Uyuşturucu ticaretinin hem Türkiye’de hem Avrupa’daki paravan firmalar aracılığıyla yapıldığını vurguluyan Laçiner’e göre, sivil toplum kuruluşu görünüşlü dernekler üzerinden uyuşturucu paraları dağıtılıyor. Kara para aklama sisteminin kurulan kültür dernekleri üzerinden devam ettiğini belirten Laçiner, “Avrupa’da bu geçmişte görüldü. Roj TV üzerinden görüldü. Mücevher gibi çok değerli taşlar alınarak paralar aklandı. Bu paraların bir kısmı PKK’nın Güneydoğu’daki ödemelerine gidiyor. Bir kısmı militanların ailelerine veya zarar görmüş, öldürülmüş PKK’nın yakınlarına sözde maaş şeklinde bağlanıyor.” şeklinde konuştu.
GİZLİ SERVİSLERDEN KORUMA DUVARI
Eski Emniyet İstihbarat Dairesi Başkanı Bülent Orakoğlu da terör örgütü PKK’nın gizli servislerle olan ilişkilerine dikkat çekiyor. PKK’nın uyuşturucu için kurduğu paravan şirketlerin Avrupa’daki ayaklarına bakmak gerektiğini belirten Orakoğlu’na göre gizli servisler PKK’nın uyuşturucu ayağının önünü açıyor. Yapılan operasyonlarla adını duyuran Lice’nin geçmişten bu yana uyuşturucunun merkezi olarak bilindiğini söyleyen Orakoğlu, sözlerini şöyle sürdürdü: “Son operasyonlar sonrası PKK’nın içinde rantı yönetenlerde sıkıntı oldu. Çözüm sürecinde PKK’nın keş parası olduğu ifade ediliyor. Bu noktada Paris’te öldüren 3 kadın meselesi iyi irdelenmeli. Delil yok ama bu paranın bu ülkelerin gizli servisleri tarafından yönlendirildiğini ve birtakım finans kuruluşlarıyla kullandırıldığını tahmin ediyorum. Uyuşturucudan elde edilen bu kadar ciddi paraların gizli servislerin koruma duvarları olmazsa aktarılması mümkün değil. Bu kadar parayı çeşitli şekillerde kendi ekonomilerinde de kullanıyor olabilirler.”

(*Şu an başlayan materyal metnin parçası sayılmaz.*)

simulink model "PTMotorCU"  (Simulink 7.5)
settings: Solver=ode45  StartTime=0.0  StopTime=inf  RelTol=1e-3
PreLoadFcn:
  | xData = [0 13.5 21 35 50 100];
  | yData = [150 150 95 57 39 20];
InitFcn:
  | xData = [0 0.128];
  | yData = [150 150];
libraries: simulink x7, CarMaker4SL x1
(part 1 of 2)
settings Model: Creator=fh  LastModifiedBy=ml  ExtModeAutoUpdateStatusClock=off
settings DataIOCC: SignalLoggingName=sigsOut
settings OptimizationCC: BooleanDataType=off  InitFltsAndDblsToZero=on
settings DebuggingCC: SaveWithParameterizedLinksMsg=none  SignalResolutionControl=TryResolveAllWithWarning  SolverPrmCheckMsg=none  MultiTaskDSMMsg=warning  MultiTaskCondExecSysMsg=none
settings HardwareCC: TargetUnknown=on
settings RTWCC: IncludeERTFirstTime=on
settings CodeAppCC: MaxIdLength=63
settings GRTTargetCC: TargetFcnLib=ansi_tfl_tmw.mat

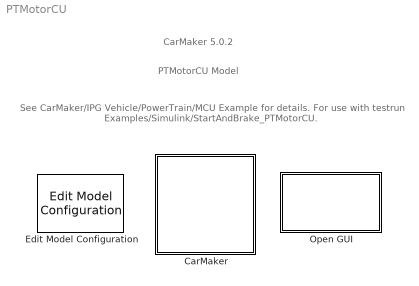
== system PTMotorCU ==
  note: PTMotorCU Model
  note: See CarMaker/IPG Vehicle/PowerTrain/MCU Example for details.
      | For use with testrun Examples/Simulink/StartAndBrake_PTMotorCU.
  note: CarMaker 5.0.2
  CarMaker : Subsystem  TreatAsAtomicUnit=on
      mask Display: image(imread('CarMaker4SLss.bmp'));
  Edit Model Configuration : CarMaker4SL/Edit Model Configuration
  Open GUI : Subsystem  LoadFcn=if ~length(which('cmcmd')), cmenv; end
      settings: OpenFcn=cmblockmagic('gui_fix_display'); CM_Simulink
      mask Display: image(imread('CarMakerGUI.bmp'));

== system PTMotorCU/CarMaker ==
  CM_FIRST : Subsystem
  CM_LAST : Subsystem
  DrivMan : Subsystem
  Ground : Ground
  IPG Vehicle : Subsystem  TreatAsAtomicUnit=on
  Terminator : Terminator
  VehicleControl : Subsystem
  wires:
  DrivMan/2(DrivMan.Out) -> VehicleControl/2(DrivMan.In)
  DrivMan/1(Sync_Out) -> VehicleControl/1(Sync_In)
  CM_FIRST/2(Env.Misc) -> DrivMan/2(Env.Misc)
  CM_FIRST/1(Sync_Out) -> DrivMan/1(Sync_In)
  CM_LAST/1(Sync_Out) -> Terminator/1
  Ground/1 -> CM_FIRST/1(Sync_In)
  IPG Vehicle/1(Sync_Out) -> CM_LAST/1(Sync_In)
  VehicleControl/1(Sync_Out) -> IPG Vehicle/1(Sync_In)
  VehicleControl/3(VhclCtrl.Steering) -> IPG Vehicle/3(VhclCtrl.Steering)
  VehicleControl/4(Vhcl.Wheel.In) -> IPG Vehicle/4(Vhcl.Wheel.In)
  VehicleControl/5(Vhcl.Misc) -> IPG Vehicle/5(Vhcl.Misc)
  VehicleControl/6(VhclCtrl.Brake) -> IPG Vehicle/6(VhclCtrl.Brake)
  VehicleControl/7(VhclCtrl.PT) -> IPG Vehicle/7(VhclCtrl.PT)
  VehicleControl/2(Vhcl.Model.Source) -> IPG Vehicle/2(Vhcl.Model.Source)

== system PTMotorCU/Open GUI ==
  S-Function : S-Function  FunctionName=cm_gui  EnableBusSupport=off

== system PTMotorCU/CarMaker/CM_FIRST ==
  Sync_In : Inport  OutDataType=sfix(16)  OutScaling=2^0
  Bus Creator1 : BusCreator  Inputs=9
  Demux : Demux  Outputs=9
  Environment : S-Function  FunctionName=CM_Sfun  Parameters='Environment'  EnableBusSupport=off
  IoIn : S-Function  FunctionName=CM_Sfun  Parameters='IoIn'  EnableBusSupport=off
  Sync_Out : Outport  OutDataType=sfix(16)  OutScaling=2^0
  Env.Misc : Outport  Port=2  OutDataType=sfix(16)  OutScaling=2^0
  wires:
  Demux/9 -> Bus Creator1/9  "Env WindVel_tot z"
  Demux/8 -> Bus Creator1/8  "Env WindVel_tot y"
  Demux/7 -> Bus Creator1/7  "Env WindVel_tot x"
  Demux/6 -> Bus Creator1/6  "Env SolarRadiation"
  Demux/5 -> Bus Creator1/5  "Env Time"
  Sync_In/1 -> IoIn/1
  IoIn/1 -> Environment/1
  Environment/1 -> Sync_Out/1
  Demux/1 -> Bus Creator1/1  "Env Temperature"
  Demux/2 -> Bus Creator1/2  "Env AirDensity"
  Demux/3 -> Bus Creator1/3  "Env AirPressure"
  Demux/4 -> Bus Creator1/4  "Env AirHumidity"
  Environment/2 -> Demux/1
  Bus Creator1/1 -> Env.Misc/1

== system PTMotorCU/CarMaker/CM_LAST ==
  Sync_In : Inport  OutDataType=sfix(16)  OutScaling=2^0
  CM_User : S-Function  FunctionName=CM_Sfun  Parameters='CM_User'  EnableBusSupport=off
  IoOut : S-Function  FunctionName=CM_Sfun  Parameters='IoOut'  EnableBusSupport=off
  Sync_Out : Outport  OutDataType=sfix(16)  OutScaling=2^0
  wires:
  IoOut/1 -> Sync_Out/1
  CM_User/1 -> IoOut/1
  Sync_In/1 -> CM_User/1

== system PTMotorCU/CarMaker/DrivMan ==
  note: There's rarely a reason to override DrivMan signals.
      | Use the VehicleControl interface for this purpose.
  Sync_In : Inport  OutDataType=sfix(16)  OutScaling=2^0
  Env.Misc : Inport  Port=2  OutDataType=sfix(16)  OutScaling=2^0
  BusCreator : BusCreator  Inputs=17
  Demux : Demux  Outputs=17
  DrivMan : S-Function  FunctionName=CM_Sfun  Parameters='DrivMan'  EnableBusSupport=off
  Sync_Out : Outport  OutDataType=sfix(16)  OutScaling=2^0
  DrivMan.Out : Outport  Port=2  OutDataType=sfix(16)  OutScaling=2^0
  wires:
  DrivMan/2 -> Demux/1
  BusCreator/1 -> DrivMan.Out/1
  DrivMan/1 -> Sync_Out/1
  Sync_In/1 -> DrivMan/1
  Env.Misc/1 -> DrivMan/2
  Demux/1 -> BusCreator/1  "DrivMan SST"
  Demux/2 -> BusCreator/2  "DrivMan Key"
  Demux/3 -> BusCreator/3  "DrivMan UserSignal0"
  Demux/4 -> BusCreator/4  "DrivMan UserSignal1"
  Demux/5 -> BusCreator/5  "DrivMan UserSignal2"
  Demux/6 -> BusCreator/6  "DrivMan UserSignal3"
  Demux/7 -> BusCreator/7  "DrivMan UserSignal4"
  Demux/8 -> BusCreator/8  "DrivMan SelectorCtrl"
  Demux/9 -> BusCreator/9  "DrivMan GearNo"
  Demux/10 -> BusCreator/10  "DrivMan Brake"
  Demux/11 -> BusCreator/11  "DrivMan BrakePark"
  Demux/12 -> BusCreator/12  "DrivMan Clutch"
  Demux/13 -> BusCreator/13  "DrivMan Gas"
  Demux/14 -> BusCreator/14  "DrivMan Steering Ang"
  Demux/15 -> BusCreator/15  "DrivMan Steering AngVel"
  Demux/16 -> BusCreator/16  "DrivMan Steering AngAcc"
  Demux/17 -> BusCreator/17  "DrivMan Steering Trq"

== system PTMotorCU/CarMaker/IPG Vehicle ==
  Sync_In : Inport  OutDataType=sfix(16)  OutScaling=2^0
  Vhcl.Model.Source : Inport  Port=2  OutDataType=sfix(16)  OutScaling=2^0
  VhclCtrl.Steering : Inport  Port=3  OutDataType=sfix(16)  OutScaling=2^0
  Vhcl.Wheel.In : Inport  Port=4  OutDataType=sfix(16)  OutScaling=2^0
  Vhcl.Misc : Inport  Port=5  OutDataType=sfix(16)  OutScaling=2^0
  VhclCtrl.Brake : Inport  Port=6  OutDataType=sfix(16)  OutScaling=2^0
  VhclCtrl.PT : Inport  Port=7  OutDataType=sfix(16)  OutScaling=2^0
  Brake : Subsystem
  CarAndTrailer : Subsystem
  PowerTrain : Subsystem
  Stop Simulation : Stop
  VehicleSource_BuiltIn : simulink/Logic and Bit Operations/Compare To Constant  SystemSampleTime=-1  relop=~=  const=1  LogicOutDataTypeMode=boolean  ZeroCross=off
  Sync_Out : Outport  OutDataType=sfix(16)  OutScaling=2^0
  wires:
  VhclCtrl.PT/1 -> PowerTrain/3(VhclCtrl.PT)
  CarAndTrailer/1(Sync_Out) -> Brake/1(Sync_In)
  CarAndTrailer/2(Brake.IF.In) -> Brake/2(Brake.IF.In)
  VhclCtrl.Brake/1 -> Brake/3(VhclCtrl.Brake)
  PowerTrain/1(Sync_Out) -> Sync_Out/1
  Vhcl.Misc/1 -> CarAndTrailer/4(Vhcl.Misc)
  Vhcl.Wheel.In/1 -> CarAndTrailer/3(Vhcl.Wheel.In)
  VhclCtrl.Steering/1 -> CarAndTrailer/2(VhclCtrl.Steering)
  Sync_In/1 -> CarAndTrailer/1(Sync_In)
  Vhcl.Model.Source/1 -> VehicleSource_BuiltIn/1
  VehicleSource_BuiltIn/1 -> Stop Simulation/1
  Brake/1(Sync_Out) -> PowerTrain/1(Sync_In)
  Brake/2(Vhcl.Wheel.PT) -> PowerTrain/2(Vhcl.Wheel.PT)

== system PTMotorCU/CarMaker/VehicleControl ==
  note: <Your model here>
  note: When implementing a vehicle control model,
      | be sure to add '-disablevehiclecontrol' to the command line arguments
      | in the CarMaker Model Configuration block.
      | Otherwise your model will possibly not see the original DrivMan signals
      | on its inputs, but those of a currently activated C-coded vehicle control model instead.
  Sync_In : Inport  OutDataType=sfix(16)  OutScaling=2^0
  DrivMan.In : Inport  Port=2  OutDataType=sfix(16)  OutScaling=2^0
  Bus Creator2 : BusCreator  Inputs=2
  CreateBus Vhcl.Misc : Subsystem
  CreateBus Vhcl.Wheel.In : Subsystem
  CreateBus VhclCtrl : Subsystem
  CreateBus VhclCtrl.PT : Subsystem
  CreateBus VhclCtrl.Steering : Subsystem
  Demux2 : Demux  Outputs=2
  VehicleControl : S-Function  FunctionName=CM_Sfun  Parameters='VehicleControl'  EnableBusSupport=off
  VehicleControlUpd : S-Function  FunctionName=CM_Sfun  Parameters='VehicleControlUpd'  EnableBusSupport=off
  Sync_Out : Outport  OutDataType=sfix(16)  OutScaling=2^0
  Vhcl.Model.Source : Outport  Port=2  OutDataType=sfix(16)  OutScaling=2^0
  VhclCtrl.Steering : Outport  Port=3  OutDataType=sfix(16)  OutScaling=2^0
  Vhcl.Wheel.In : Outport  Port=4  OutDataType=sfix(16)  OutScaling=2^0
  Vhcl.Misc : Outport  Port=5  OutDataType=sfix(16)  OutScaling=2^0
  VhclCtrl.Brake : Outport  Port=6  OutDataType=sfix(16)  OutScaling=2^0
  VhclCtrl.PT : Outport  Port=7  OutDataType=sfix(16)  OutScaling=2^0
  wires:
  CreateBus VhclCtrl/1(Out) -> VehicleControlUpd/2
  VehicleControl/2 -> CreateBus VhclCtrl/1(In)
  VehicleControlUpd/2 -> Vhcl.Model.Source/1
  VehicleControlUpd/4 -> CreateBus Vhcl.Wheel.In/1(In1)
  VehicleControlUpd/5 -> CreateBus Vhcl.Misc/1(In1)
  VehicleControlUpd/6 -> Demux2/1
  VehicleControlUpd/7 -> CreateBus VhclCtrl.PT/1(In1)
  VehicleControlUpd/3 -> CreateBus VhclCtrl.Steering/1(In1)
  CreateBus Vhcl.Misc/1(Out1) -> Vhcl.Misc/1
  CreateBus Vhcl.Wheel.In/1(Out1) -> Vhcl.Wheel.In/1
  DrivMan.In/1 -> VehicleControl/2
  VehicleControl/1 -> VehicleControlUpd/1
  Sync_In/1 -> VehicleControl/1
  CreateBus VhclCtrl.PT/1(Out1) -> VhclCtrl.PT/1
  Bus Creator2/1 -> VhclCtrl.Brake/1
  CreateBus VhclCtrl.Steering/1(Out1) -> VhclCtrl.Steering/1
  VehicleControlUpd/1 -> Sync_Out/1
  Demux2/2 -> Bus Creator2/2  "VhclCtrl BrakePark"
  Demux2/1 -> Bus Creator2/1  "VhclCtrl Brake"

== system PTMotorCU/CarMaker/IPG Vehicle/Brake ==
  note: When replacing the entire braking system,
      | be sure to add '-disablebrake' to the command line arguments
      | in the CarMaker Model Configuration block.
  note: <Your model here>
  Sync_In : Inport  OutDataType=sfix(16)  OutScaling=2^0
  Brake.IF.In : Inport  Port=2  OutDataType=sfix(16)  OutScaling=2^0
  VhclCtrl.Brake : Inport  Port=3  OutDataType=sfix(16)  OutScaling=2^0
  Brake : S-Function  FunctionName=CM_Sfun  Parameters='Brake'  EnableBusSupport=off
  BrakeUpd : S-Function  FunctionName=CM_Sfun  Parameters='BrakeUpd'  EnableBusSupport=off
  BusCreator : BusCreator  Inputs=12
  CreateBus Vhcl.Wheel.PT : Subsystem
  Demux : Demux  Outputs=12
  Sync_Out : Outport  OutDataType=sfix(16)  OutScaling=2^0
  Vhcl.Wheel.PT : Outport  Port=2  OutDataType=sfix(16)  OutScaling=2^0
  wires:
  CreateBus Vhcl.Wheel.PT/1(Out) -> Vhcl.Wheel.PT/1
  BrakeUpd/2 -> CreateBus Vhcl.Wheel.PT/1(In)
  Demux/1 -> BusCreator/1  "Brake IF Trq_WB FL"
  Demux/2 -> BusCreator/2  "Brake IF Trq_WB FR"
  Demux/3 -> BusCreator/3  "Brake IF Trq_WB RL"
  Demux/4 -> BusCreator/4  "Brake IF Trq_WB RR"
  Demux/5 -> BusCreator/5  "Brake IF Trq_PB FL"
  Demux/6 -> BusCreator/6  "Brake IF Trq_PB FR"
  Demux/7 -> BusCreator/7  "Brake IF Trq_PB RL"
  Demux/8 -> BusCreator/8  "Brake IF Trq_PB RR"
  Demux/9 -> BusCreator/9  "Brake IF Trq_Reg_trg FL"
  Demux/10 -> BusCreator/10  "Brake IF Trq_Reg_trg FR"
  Demux/11 -> BusCreator/11  "Brake IF Trq_Reg_trg RL"
  Demux/12 -> BusCreator/12  "Brake IF Trq_Reg_trg RR"
  Sync_In/1 -> Brake/1
  BusCreator/1 -> BrakeUpd/2
  Brake/2 -> Demux/1
  VhclCtrl.Brake/1 -> Brake/3
  Brake.IF.In/1 -> Brake/2
  Brake/1 -> BrakeUpd/1  "Sync"
  BrakeUpd/1 -> Sync_Out/1

== system PTMotorCU/CarMaker/IPG Vehicle/CarAndTrailer ==
  Sync_In : Inport  OutDataType=sfix(16)  OutScaling=2^0
  VhclCtrl.Steering : Inport  Port=2  OutDataType=sfix(16)  OutScaling=2^0
  Vhcl.Wheel.In : Inport  Port=3  OutDataType=sfix(16)  OutScaling=2^0
  Vhcl.Misc : Inport  Port=4  OutDataType=sfix(16)  OutScaling=2^0
  CarAndTrailerUpd : Subsystem
  Forces : Subsystem
  Ground : Ground
  Kinematics : Subsystem
  Kinetics : Subsystem
  Steering : Subsystem
  Terminator : Terminator
  Terminator1 : Terminator
  Trailer : Subsystem
  Sync_Out : Outport  OutDataType=sfix(16)  OutScaling=2^0
  Brake.IF.In : Outport  Port=2  OutDataType=sfix(16)  OutScaling=2^0
  wires:
  Kinematics/9(lBuf) -> Forces/9(lBuf)
  Forces/12(FBuf) -> Kinetics/12(FBuf)
  Kinematics/8(lStabi) -> Forces/8(lStabi)
  Kinematics/1(Sync_Out) -> Forces/1(Sync_In)
  Kinematics/2(TireFL_In) -> Forces/2(TireFL_In)
  Kinematics/3(TireFR_In) -> Forces/3(TireFR_In)
  Kinematics/4(TireRL_In) -> Forces/4(TireRL_In)
  Kinematics/5(TireRR_In) -> Forces/5(TireRR_In)
  Forces/1(Sync_Out) -> Kinetics/1(Sync_In)
  Forces/3(Car.Aero) -> Kinetics/3(Car.Aero)
  Kinematics/7(vDamp) -> Forces/7(vDamp)
  Kinematics/6(lSpring) -> Forces/6(lSpring)
  Forces/2(Car.Virtual) -> Kinetics/2(Car.Virtual)
  Forces/4(Car.Load) -> Kinetics/4(Car.Load)
  Forces/5(TireFL_Out) -> Kinetics/5(TireFL.Out)
  Forces/6(TireFR_Out) -> Kinetics/6(TireFR.Out)
  Forces/7(TireRL_Out) -> Kinetics/7(TireRL.Out)
  Forces/8(TireRR_Out) -> Kinetics/8(TireRR.Out)
  Forces/9(FSpring) -> Kinetics/9(FSpring)
  Forces/10(FDamp) -> Kinetics/10(FDamp)
  Forces/11(FStabi) -> Kinetics/11(FStabi)
  Ground/1 -> CarAndTrailerUpd/10(Vhcl.Fr1A)
  Kinetics/1(Sync_Out) -> Trailer/1(Sync_In)
  Steering/1(Sync_Out) -> Kinematics/1(Sync_In)
  Sync_In/1 -> Steering/1(Sync_In)
  VhclCtrl.Steering/1 -> Steering/2(VhclCtrl.Steering)
  Kinetics/2(Trailer.Load) -> Trailer/2(Trailer.Load)
  Kinetics/3(Car.Hitch) -> Trailer/3(Car.Hitch)
  Kinetics/4(Car.Fr1) -> Trailer/4(Car.Fr1)
  Steering/2(Steer.IF) -> Kinematics/2(Steer.IF)
  Kinetics/5(Car.Trq_T2W) -> Trailer/5(Car.Trq_T2W)
  Kinetics/6(WheelCarrier.Misc) -> Trailer/6(WheelCarrier.Misc)
  Vhcl.Wheel.In/1 -> Terminator/1
  Vhcl.Misc/1 -> Terminator1/1
  CarAndTrailerUpd/1(Sync_Out) -> Sync_Out/1
  CarAndTrailerUpd/2(Brake.IF.In) -> Brake.IF.In/1
  Trailer/1(Sync_Out) -> CarAndTrailerUpd/1(Sync_In)
  Trailer/2(Vhcl.Steering) -> CarAndTrailerUpd/2(Vhcl.Steering)
  Trailer/3(Vhcl.Motion) -> CarAndTrailerUpd/3(Vhcl.Motion)
  Trailer/4(Vhcl.PoI) -> CarAndTrailerUpd/4(Vhcl.PoI)
  Trailer/5(Vhcl.Wheel.FL) -> CarAndTrailerUpd/5(Vhcl.Wheel.FL)
  Trailer/6(Vhcl.Wheel.FR) -> CarAndTrailerUpd/6(Vhcl.Wheel.FR)
  Trailer/7(Vhcl.Wheel.RL) -> CarAndTrailerUpd/7(Vhcl.Wheel.RL)
  Trailer/8(Vhcl.Wheel.RR) -> CarAndTrailerUpd/8(Vhcl.Wheel.RR)
  Trailer/9(Car.Hitch.FrcTrq) -> CarAndTrailerUpd/9(Car.Hitch.FrcTrq)

== system PTMotorCU/CarMaker/IPG Vehicle/PowerTrain ==
  note: <Your model here>
  note: When replacing the entire powertrain,
      | be sure to add '-disablepowertrain' to the command line arguments
      | in the CarMaker Model Configuration block.
  Sync_In : Inport  OutDataType=sfix(16)  OutScaling=2^0
  Vhcl.Wheel.PT : Inport  Port=2  OutDataType=sfix(16)  OutScaling=2^0
  VhclCtrl.PT : Inport  Port=3  OutDataType=sfix(16)  OutScaling=2^0
  BusCreator : BusCreator  Inputs=40
  Demux : Demux  Outputs=40
  MCU Example : Subsystem
  PowerTrain : S-Function  FunctionName=CM_Sfun  Parameters='PowerTrain'  EnableBusSupport=off
  PowerTrainUpd : S-Function  FunctionName=CM_Sfun  Parameters='PowerTrainUpd'  EnableBusSupport=off
  Sync_Out : Outport  OutDataType=sfix(16)  OutScaling=2^0
  wires:
  Vhcl.Wheel.PT/1 -> PowerTrain/2
  VhclCtrl.PT/1 -> PowerTrain/3
  Demux/40 -> BusCreator/40  "PT IF WRR Trq_BrakeReg_max"
  Demux/39 -> BusCreator/39  "PT IF WRR Trq_BrakeReg"
  Demux/38 -> BusCreator/38  "PT IF WRR Trq_Supp2WC"
  Demux/37 -> BusCreator/37  "PT IF WRR Trq_Drive"
  Demux/36 -> BusCreator/36  "PT IF WRR Trq_B2W"
  Demux/35 -> BusCreator/35  "PT IF WRR rotv"
  Demux/34 -> BusCreator/34  "PT IF WRR rot"
  Demux/33 -> BusCreator/33  "PT IF WRL Trq_BrakeReg_max"
  Demux/32 -> BusCreator/32  "PT IF WRL Trq_BrakeReg"
  Demux/31 -> BusCreator/31  "PT IF WRL Trq_Supp2WC"
  Demux/30 -> BusCreator/30  "PT IF WRL Trq_Drive"
  Demux/29 -> BusCreator/29  "PT IF WRL Trq_B2W"
  Demux/28 -> BusCreator/28  "PT IF WRL rotv"
  Demux/27 -> BusCreator/27  "PT IF WRL rot"
  Demux/26 -> BusCreator/26  "PT IF WFR Trq_BrakeReg_max"
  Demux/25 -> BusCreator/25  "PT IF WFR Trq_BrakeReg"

Türkiye, uyuşturucu ile mücadelede birinci sırada
AB Uyuşturucu ve Uyuşturucu Bağımlılığı İzleme Merkezi’nin 2012 raporuna göre, dünyada eroin yakalamalarının yüzde 53’ünü Türkiye ve İran gerçekleştiriyor. Kaçakçılık ve Organize Suçlarla Mücadele (KOM) Daire Başkanı Mehmet Yeşilkaya, Türkiye’nin eroinde transit nokta olduğunu belirtiyor. Yeşilkaya, şu bilgileri veriyor: “Boşluk olan yerde uyuşturucu üretimi ve nakliyatı söz konusuydu. Terör bundan faydalanıyordu. Terörle mücadele etme yerine, kaçakçılarla mücadele etmeye başladık. Çözüm süreci ile birlikte kaçakçılar kendilerine kaçakçılık yapma fırsatı bulamıyorlar. Biz de daha iyi mücadele edebiliyoruz. Şu an dünya uyuşturucu yakalamalarında birinci sıradayız.”